| Exercise prompt |
Scan the data that follows and count the lines with the string "above"; answer with the count alone.

(Collection entries)

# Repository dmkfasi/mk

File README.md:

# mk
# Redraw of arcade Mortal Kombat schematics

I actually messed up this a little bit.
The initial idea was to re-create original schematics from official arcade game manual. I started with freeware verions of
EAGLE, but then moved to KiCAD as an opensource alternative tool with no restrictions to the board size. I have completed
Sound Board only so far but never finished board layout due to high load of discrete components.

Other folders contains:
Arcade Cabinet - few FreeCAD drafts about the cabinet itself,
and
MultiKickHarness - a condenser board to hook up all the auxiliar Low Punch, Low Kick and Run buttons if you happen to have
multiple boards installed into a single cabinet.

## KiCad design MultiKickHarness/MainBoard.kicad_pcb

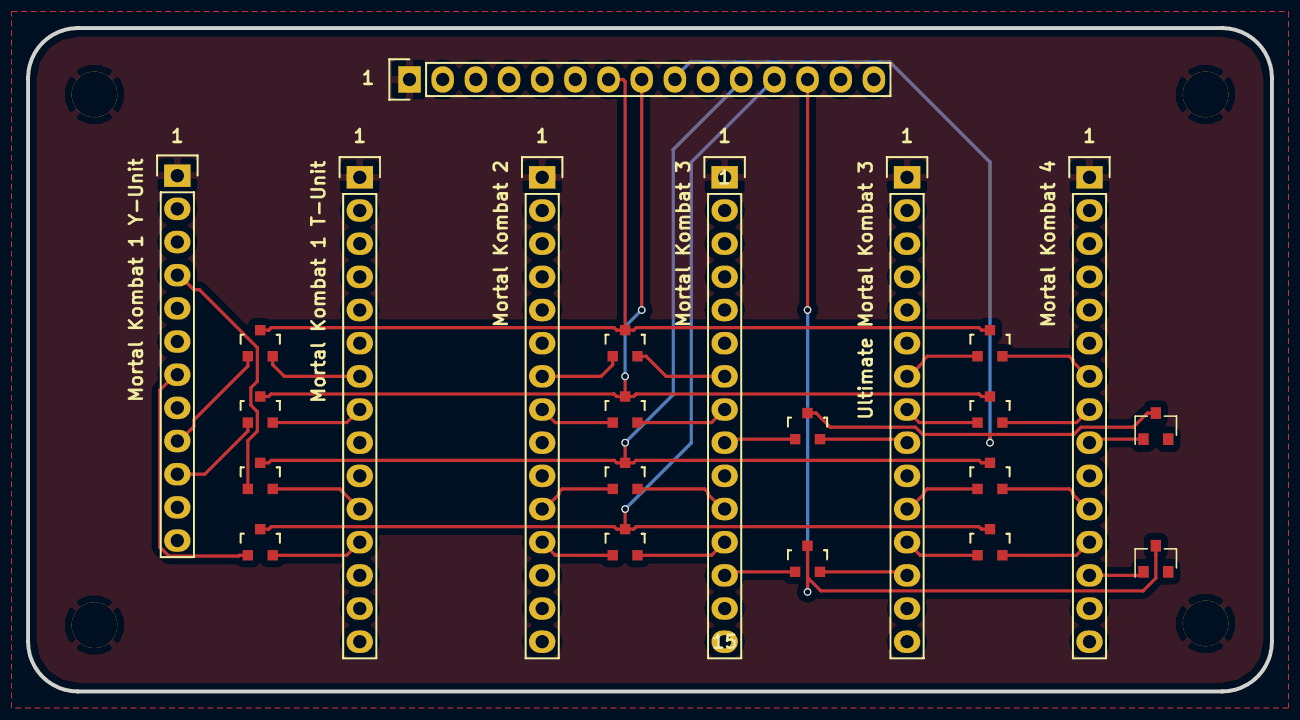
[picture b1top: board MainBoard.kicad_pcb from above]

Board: 2 copper layers, 95.3 x 50.8 mm, 27 parts (0 on the bottom side), 37 nets.

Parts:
D1, D2, D3: P2LP; SOT-23
D4, D5, D14: P2LK; SOT-23
D6, D11, D13: P1LK; SOT-23
D7, D8, D9: P1LP; SOT-23
D10, D15: P1RUN; SOT-23
D12, D16: P2RUN; SOT-23
J1: Mortal Kombat 1 Y-Unit; Pin_Header_Straight_1x12
J2: Mortal Kombat 1 T-Unit; Pin_Header_Straight_1x15
J3: Mortal Kombat 2; Pin_Header_Straight_1x15
J4: Mortal Kombat 3; Pin_Header_Straight_1x15
J5: Ultimate Mortal Kombat 3; Pin_Header_Straight_1x15
J6: Mortal Kombat 4; Pin_Header_Straight_1x15
P0, P0#2, P0#3, P0#4: MOUNTING HOLE; MountingHole_3-5mm
P1: TO CONTROL PANEL; Pin_Header_Straight_1x15

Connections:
/GND: J1.1, J2.1, J3.1, J4.1, J5.1, J6.1, P0.1, P0#2.1, P0#3.1, P0#4.1, P1.1
/P1-LK: D6.3, D11.3, D13.3, P1.8
/P1-LP: D7.3, D8.3, D9.3, P1.7
/P1-RUN: D10.3, D15.3, P1.9
/P2-LK: D4.3, D5.3, D14.3, P1.12
/P2-LP: D1.3, D2.3, D3.3, P1.11
/P2-RUN: D12.3, D16.3, P1.13
unnamed: D1.1, J1.4
unnamed: D1.2, J2.11
unnamed: D2.1, J3.11
unnamed: D2.2, J4.11
unnamed: D3.1, J5.11
unnamed: D3.2, J6.11
unnamed: D4.1, J1.7
unnamed: D4.2, J2.12
unnamed: D5.1, J3.12
unnamed: D5.2, J4.12
unnamed: D6.1, J1.10
unnamed: D6.2, J2.8
unnamed: D7.1, J1.9
unnamed: D7.2, J2.7
unnamed: D8.1, J3.7
unnamed: D8.2, J4.7
unnamed: D9.1, J5.7
unnamed: D9.2, J6.7
unnamed: D10.1, J4.9
unnamed: D10.2, J5.9
unnamed: D11.1, J3.8
unnamed: D11.2, J4.8
unnamed: D12.1, J4.13
unnamed: D12.2, J5.13
unnamed: D13.1, J5.8
unnamed: D13.2, J6.8
unnamed: D14.1, J5.12
unnamed: D14.2, J6.12
unnamed: D15.1, J6.9
unnamed: D16.1, J6.13

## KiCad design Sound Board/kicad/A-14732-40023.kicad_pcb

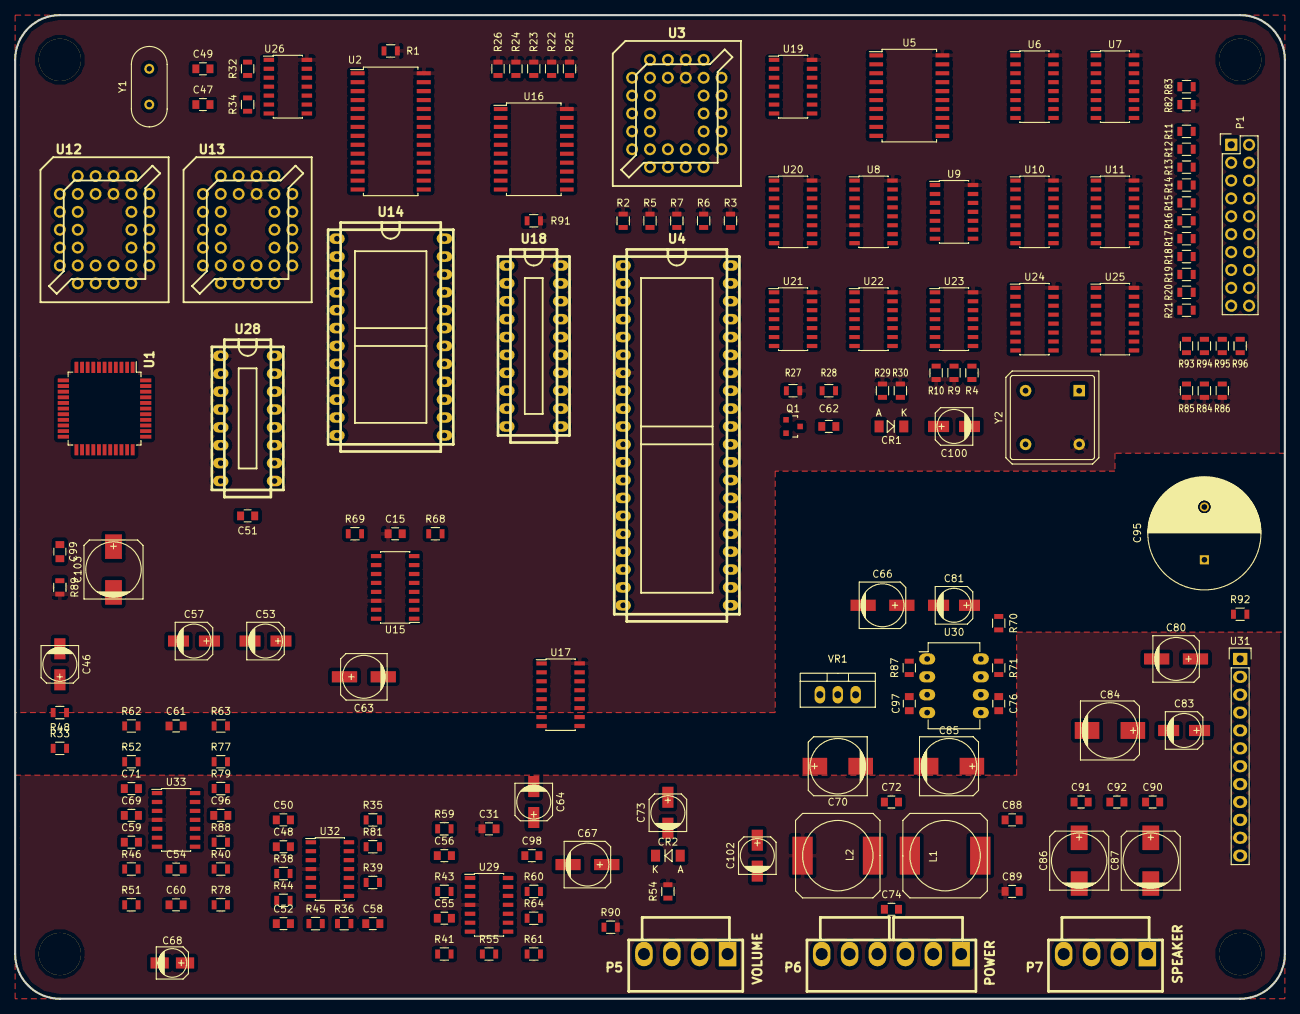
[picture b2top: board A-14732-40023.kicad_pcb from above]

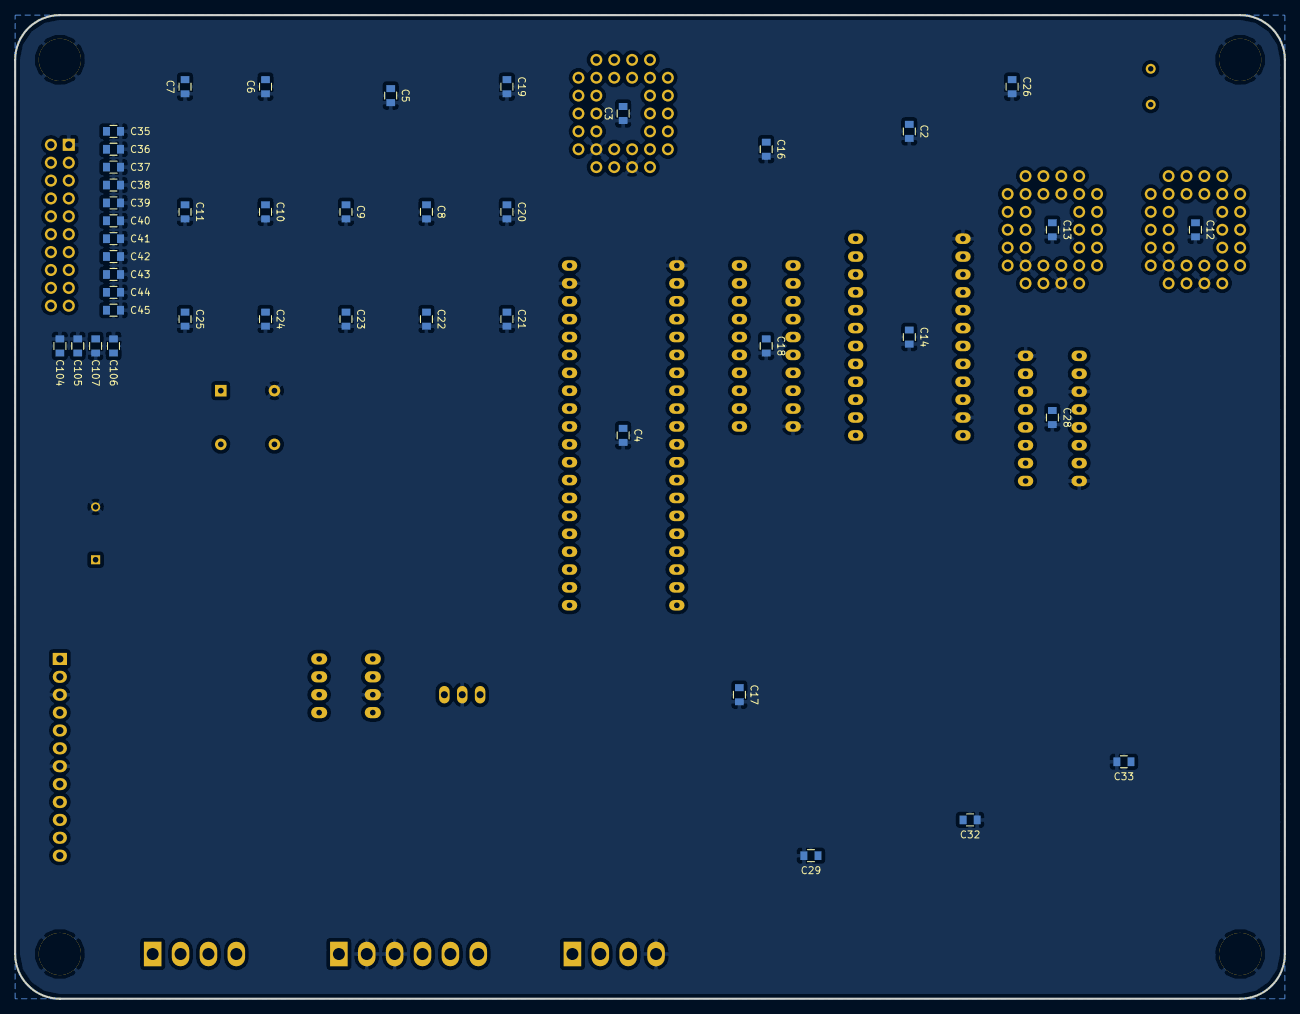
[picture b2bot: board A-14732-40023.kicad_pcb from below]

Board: 2 copper layers, 180.3 x 139.7 mm, 218 parts (43 on the bottom side), 235 nets, no tracks yet.

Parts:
C2, C4, C5, C8, C9, C10, C11, C12, C13, C14, C15, C16, C17, C18, C19, C20, C21, C22, C23, C24, C25, C26, C28, C29, C31, C33, C99: .01uF; C_0805
C3, C6, C7, C32, C97: 0.01uF; C_0805
C35, C36, C37, C38, C39, C40, C41, C42, C43, C44, C45, C47, C49, C98, C104, C105, C106, C107: 100pF; C_0805
C46, C53, C57, C64, C73, C81, C83, C100, C102: 10uF; c_elec_5x5.3
C48, C50, C51, C56: 3.3nF; C_0805
C52, C58: 6.8nF; C_0805
C54, C61, C96: 220pF; C_0805
C55: .001uF; C_0805
C59, C60: 33pF; C_0805
C62: 68pF; C_0805
C63, C66, C67, C80: 47uF; c_elec_6.3x5.3
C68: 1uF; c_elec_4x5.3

| Finished exercise |
2